Also: how much complex, highly-structured master data (like contract
information, product definitions, .. not log-data) do you have?
100MB, 1GB? And, what does 1GB of RAM cost today? Just go out and by RAM
and operate your ZODB out of main memory.
* The impedance-mismatch.
.. at the design level:
Have you ever gone through the full spectrum of pain of having both
a relational DB designed as an entity-relationship model plus an
object-oriented model designed with e.g. UML?
.. at the implementation level:
Not to speak of the the object-relational mapping layer you also have
to come along. It too often develops into a nightmare. Even with stuff
like supporting code generators or libraries of mapping layers.
Enter ZODB. Transparent. Orthogonal. Single design paradigm (OO) and
single design method possible (e.g. UML). Pluggable storage backends.
* ZODB, OODBMS and language neutrality
ZODB is a closed system - it is _directly_ only accessible from Python.

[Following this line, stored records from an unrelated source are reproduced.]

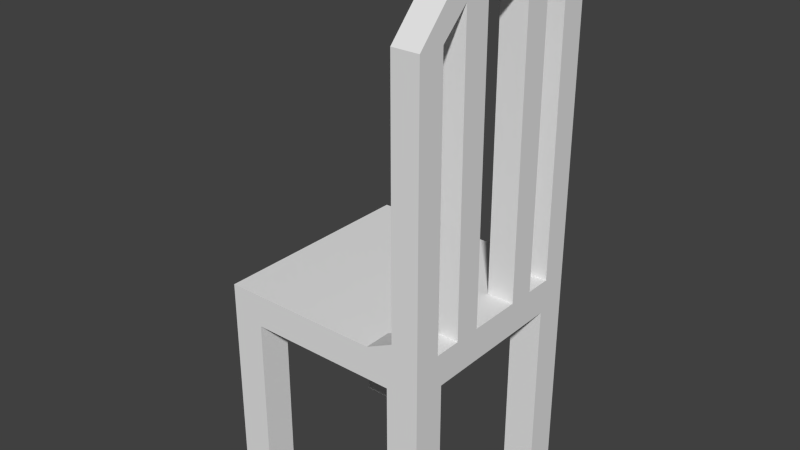 # Source: chair.blend  (saved by Blender 2.69.0; exported with 4.5.12 LTS)
import bpy
from mathutils import Matrix  # noqa: F401  (used for matrix-valued properties, if any)

bpy.ops.wm.read_factory_settings(use_empty=True)
scene = bpy.context.scene
scene.name = 'Scene'

# ---- collections
col_collection_1 = bpy.data.collections.new('Collection 1'); scene.collection.children.link(col_collection_1)

# ---- materials (node trees are filled in below, after node groups)
mat_material = bpy.data.materials.new('Material')
mat_material.alpha_threshold = 0.0
mat_material.use_transparent_shadow = False
mat_material.roughness = 0.5
mat_material.line_color = (0.0, 0.0, 0.0, 1.0)

# ---- material node trees

# ---- world
world_world = bpy.data.worlds.new('World'); scene.world = world_world
world_world.color = (0.05088, 0.05088, 0.05088)
world_world.use_sun_shadow = False
world_world.sun_shadow_jitter_overblur = 0.0
world_world.cycles.sampling_method = 'MANUAL'
world_world.cycles.sample_map_resolution = 256

# ---- meshes
me_cube = bpy.data.meshes.new('Cube')
me_cube.from_pydata([(1.0, -0.7, 0.0), (1.0, -1.0, 0.0), (0.7, -1.0, 0.0), (0.7, -0.7, 0.0), (1.0, -0.7, 0.3), (1.0, -0.7, 0.3429), (0.7, -1.0, 0.3), (1.0, -1.0, 2.0), (0.7, -1.0, 1.7), (0.7, -1.0, 1.7), (0.7, -0.7, 0.3), (1.0, -0.7, 0.4), (1.0, -0.7, 0.48), (1.0, -0.75, 2.0), (0.75, -1.0, 2.0), (0.4875, -1.0, 1.7), (0.7, -0.7, 1.11), (1.0, -0.7, 1.2), (1.0, -0.7, 0.6), (1.0, -0.7, 1.7), (1.0, -0.75, 2.123), (1.0, -1.0, 2.123), (0.75, -1.0, 2.123), (0.5, -1.0, 2.0), (0.275, -1.0, 1.7), (1.0, -0.7, 0.8), (0.7, -0.7, 1.7), (1.0, -0.575, 1.7), (1.0, -0.5, 2.0), (0.75, -0.75, 2.0), (0.75, -0.75, 2.123), (1.0, -0.75, 4.461), (1.0, -1.0, 4.461), (0.75, -1.0, 4.461), (-5.364e-07, -1.0, 2.0), (-0.15, -1.0, 1.7), (0.7, -0.5113, 1.7), (1.0, -0.3625, 1.7), (1.0, -0.25, 2.0), (0.75, -0.5, 2.0), (0.5, -0.75, 2.0), (0.75, -0.75, 4.461), (1.0, -0.5, 4.7), (1.0, -0.5, 5.0), (0.75, -0.5, 5.0), (-1.0, -1.0, 2.0), (-0.7, -1.0, 1.7), (-1.0, -1.0, 0.0), (-0.7, -1.0, 0.6), (0.7, -0.3306, 1.7), (1.0, -0.25, 4.7), (1.0, -0.15, 1.7), (1.0, -5.364e-07, 2.0), (0.75, -0.5, 4.7), (0.5, -0.5, 2.0), (1.0, -0.25, 5.0), (0.75, -0.25, 5.0), (-3.427e-07, -0.5, 2.0), (-1.0, -0.7, 1.7), (-1.0, -0.7, 0.6), (-0.7, -1.0, 0.4), (0.7, 0.03062, 1.7), (1.0, 0.0625, 1.7), (0.75, -0.25, 2.0), (0.75, -0.25, 4.7), (0.75, -4.47e-07, 2.0), (1.0, 0.25, 2.0), (0.5, -0.25, 2.0), (1.0, 0.25, 5.0), (1.0, 0.25, 4.7), (0.75, 0.25, 5.0), (-1.49e-07, -1.788e-07, 2.0), (-1.0, -0.7, 0.3), (-1.0, 1.788e-07, 2.0), (-1.0, -0.15, 1.7), (-0.7, -0.7, 1.7), (-0.7, -0.7, 0.69), (-0.7, -1.0, 0.3429), (0.7, 0.3919, 1.7), (1.0, 0.4875, 1.7), (1.0, 0.275, 1.7), (0.75, 0.25, 4.7), (0.75, 0.25, 2.0), (0.5, -3.576e-07, 2.0), (1.0, 0.5, 2.0), (1.0, 0.5, 4.7), (1.0, 0.5, 5.0), (0.75, 0.5, 5.0), (-1.0, -0.7, 0.0), (-0.7, -0.7, 0.3), (-1.0, 0.7, 1.7), (-1.0, 1.0, 2.0), (-0.7, -0.2137, 1.7), (-0.7, -1.0, 0.3), (0.7, 0.7, 1.7), (1.0, 0.7, 1.7), (1.0, 0.75, 2.0), (0.5, 0.25, 2.0), (1.0, 1.0, 4.461), (1.0, 0.75, 4.461), (0.75, 1.0, 4.461), (0.75, 0.5, 4.7), (4.47e-08, 0.5, 2.0), (-0.7, -1.0, 0.0), (-0.7, -0.7, 0.0), (2.384e-07, 1.0, 2.0), (-1.0, 1.0, 0.0), (-1.0, 0.7, 0.3), (-0.7, -0.05437, 1.7), (-0.7, 0.7, 1.7), (-0.7, -0.1819, 1.7), (1.0, 0.7, 0.3), (0.7, 0.7, 0.3), (0.75, 0.75, 2.0), (0.75, 0.5, 2.0), (0.5, 0.5, 2.0), (0.75, 0.75, 4.461), (1.0, 0.75, 2.123), (1.0, 1.0, 2.123), (0.75, 1.0, 2.123), (0.75, 1.0, 2.0), (-0.7, 1.0, 0.3), (-0.7, 1.0, 0.0), (-0.7, 1.0, 1.7), (-1.0, 0.7, 0.0), (-0.7, 0.7, 0.3), (-0.7, -0.1181, 1.7), (0.7, 0.7, 0.0), (1.0, 0.7, 0.0), (1.0, 1.0, 0.0), (0.75, 0.75, 2.123), (0.5, 0.75, 2.0), (1.0, 1.0, 2.0), (0.5, 1.0, 2.0), (0.7, 1.0, 0.3), (0.7, 1.0, 1.7), (-0.7, 0.7, 0.0), (0.7, 1.0, 0.0), (0.75, 1.0, 4.461), (0.75, 0.75, 4.461), (1.0, 0.75, 4.461), (1.0, 1.0, 4.461), (1.0, 0.5, 4.7), (0.75, 0.5, 4.7), (0.75, 0.5, 5.0), (1.0, 0.5, 5.0)], [], [(103, 47, 88, 104), (0, 1, 2, 3), (127, 137, 129, 128), (136, 124, 106, 122), (71, 73, 45), (71, 45, 57), (45, 34, 57), (129, 132, 96), (1, 0, 4, 5), (95, 111, 129, 96), (96, 79, 95), (111, 128, 129), (11, 1, 5), (84, 80, 79, 96), (12, 1, 11), (66, 62, 80, 84), (18, 1, 12), (52, 51, 62, 66), (25, 1, 18), (38, 37, 51, 52), (17, 1, 25), (28, 27, 37, 38), (17, 19, 13, 1), (27, 28, 13, 19), (13, 7, 1), (47, 48, 46, 45), (35, 34, 45, 46), (48, 47, 60), (34, 35, 24, 23), (60, 47, 77), (23, 24, 15, 14), (77, 47, 93), (14, 15, 9, 7), (93, 47, 103), (7, 9, 8), (6, 1, 7, 8), (6, 2, 1), (47, 72, 88), (91, 106, 107, 90), (106, 124, 107), (47, 59, 72), (73, 91, 90, 74), (47, 45, 58, 59), (45, 73, 74, 58), (129, 137, 134), (91, 123, 121, 106), (121, 122, 106), (134, 135, 120, 129), (123, 91, 120, 135), (132, 129, 120), (91, 105, 120), (105, 133, 120), (54, 57, 34), (54, 34, 40), (34, 23, 40), (115, 102, 71), (115, 71, 97), (71, 83, 97), (105, 91, 73), (105, 73, 102), (73, 71, 102), (22, 30, 40, 23), (67, 54, 39, 63), (83, 71, 57), (83, 57, 67), (57, 54, 67), (97, 83, 65, 82), (131, 115, 114, 113), (133, 105, 102), (133, 102, 131), (102, 115, 131), (50, 69, 68, 55), (39, 29, 13, 28), (40, 29, 39, 54), (98, 99, 117, 118), (65, 63, 38, 52), (83, 67, 63, 65), (82, 65, 52, 66), (55, 68, 70, 56), (115, 97, 82, 114), (113, 114, 84, 96), (32, 33, 22, 21), (133, 131, 130, 119), (81, 64, 56, 70), (56, 44, 43, 55), (87, 70, 68, 86), (31, 32, 21, 20), (86, 68, 69, 85), (44, 56, 64, 53), (41, 31, 20, 30), (116, 100, 119, 130), (33, 41, 30, 22), (100, 98, 118, 119), (70, 87, 101, 81), (50, 64, 81, 69), (55, 43, 42, 50), (99, 116, 130, 117), (69, 81, 82, 66), (85, 69, 66, 84), (81, 101, 114, 82), (101, 85, 84, 114), (64, 50, 38, 63), (53, 64, 63, 39), (42, 53, 39, 28), (50, 42, 28, 38), (116, 99, 85, 101), (86, 98, 100, 87), (101, 87, 100, 116), (85, 99, 98, 86), (53, 42, 31, 41), (32, 43, 44, 33), (32, 31, 42, 43), (33, 44, 53, 41), (118, 117, 96, 132), (29, 40, 30), (119, 118, 132, 120), (117, 130, 113, 96), (21, 22, 14, 7), (20, 21, 7, 13), (30, 20, 13, 29), (14, 22, 23), (120, 133, 119), (130, 131, 113), (107, 125, 109, 90), (111, 95, 94, 112), (25, 4, 17), (25, 18, 4), (11, 4, 12), (11, 5, 4), (18, 12, 4), (89, 72, 59, 76), (4, 10, 16, 17), (58, 75, 76, 59), (26, 19, 17, 16), (88, 72, 89, 104), (0, 3, 10, 4), (110, 74, 126, 61), (61, 51, 49, 110), (51, 37, 49), (61, 62, 51), (108, 61, 126, 74), (78, 80, 61, 108), (80, 62, 61), (78, 79, 80), (92, 74, 110, 49), (49, 37, 36, 92), (37, 27, 36), (26, 75, 36, 27), (75, 58, 92, 36), (19, 26, 27), (58, 74, 92), (109, 94, 78, 108), (90, 109, 108, 74), (94, 95, 79, 78), (125, 107, 124, 136), (111, 112, 127, 128), (138, 139, 140, 141), (144, 145, 142, 143), (125, 121, 123, 109), (48, 60, 76, 46), (77, 93, 76, 60), (76, 75, 46), (93, 89, 76), (112, 94, 135, 134), (6, 8, 16, 10), (8, 26, 16), (134, 137, 127, 112), (10, 3, 2, 6), (135, 94, 109, 123), (15, 24, 35, 8), (8, 9, 15), (35, 46, 75, 8), (75, 26, 8), (136, 122, 121, 125), (103, 104, 89, 93)])
me_cube.materials.append(mat_material)
me_cube.use_remesh_preserve_volume = False
me_cube.use_remesh_preserve_attributes = False
me_cube.use_mirror_vertex_groups = False
me_cube.update()

# ---- objects
ob_cube = bpy.data.objects.new('Cube', me_cube)

# ---- transforms, parenting, visibility, modifiers, constraints
ob_cube.location = (0.0, 0.0, 0.0)
ob_cube.lock_rotations_4d = False
ob_cube.empty_display_type = 'ARROWS'
ob_cube.lineart.crease_threshold = 0.0

# ---- collection membership
col_collection_1.objects.link(ob_cube)

# ---- scene / render settings (as saved in the file)
scene.frame_start = 1; scene.frame_end = 250; scene.frame_set(1)
scene.render.engine = 'BLENDER_EEVEE_NEXT'
scene.render.image_settings.compression = 90
scene.render.resolution_percentage = 50
scene.render.dither_intensity = 0.0
scene.cycles.use_denoising = False
scene.cycles.samples = 10
scene.cycles.sampling_pattern = 'TABULATED_SOBOL'
scene.cycles.light_sampling_threshold = 0.0
scene.cycles.use_adaptive_sampling = False
scene.cycles.use_light_tree = False
scene.cycles.blur_glossy = 0.0
scene.cycles.volume_bounces = 1
scene.cycles.pixel_filter_type = 'GAUSSIAN'
scene.cycles.sample_clamp_indirect = 0.0
scene.view_settings.view_transform = 'Standard'
bpy.context.view_layer.update()

# ---- added for rendering (the .blend has no active camera and no usable light): camera, sun
cam_auto = bpy.data.cameras.new('AutoCamera')
cam_auto.lens = 50.0
cam_auto.sensor_width = 36.0
cam_auto.clip_end = 1000.0
ob_auto_camera = bpy.data.objects.new('AutoCamera', cam_auto)
scene.collection.objects.link(ob_auto_camera)
ob_auto_camera.location = (5.31501, -6.37801, 6.75201)
ob_auto_camera.rotation_euler = (1.09748, -7.21219e-08, 0.694738)
scene.camera = ob_auto_camera
light_auto_sun = bpy.data.lights.new('AutoSun', 'SUN')
light_auto_sun.energy = 3.0
light_auto_sun.angle = 0.0523599
ob_auto_sun = bpy.data.objects.new('AutoSun', light_auto_sun)
scene.collection.objects.link(ob_auto_sun)
ob_auto_sun.rotation_euler = (0.872665, 0.174533, 0.523599)
bpy.context.view_layer.update()

Of course, this makes possible a very tight language integration and
thus transparency. It is quite clear, that no language neutral access
method would ever allow such transparency over all (existing) languages.
More important: Why do you need language neutrality? Allowing access
to the data store from all system components?
Using the data store, regardless if relational or OO, as the integration
platform of a system is at least a qustionable architecture. It introduces
deep semantic dependencies and only on the surface level solves the integration
problems.
One alternative is a service-based architecture where a stateless service API
mediates accesss to the data store and implements business logic.
* Hot schema evolution.
What if your definition of "contract" changes? With RDBMS, you usually
write new DDL for the revised tables plus migration scripts to move the
data. Then you must take a downtime to upgrade the schema and migrate the
data.
With ZODB, you implement the revised classes plus implement hooks that
get called when instances of old classes get loaded to migrate data on-the-fly.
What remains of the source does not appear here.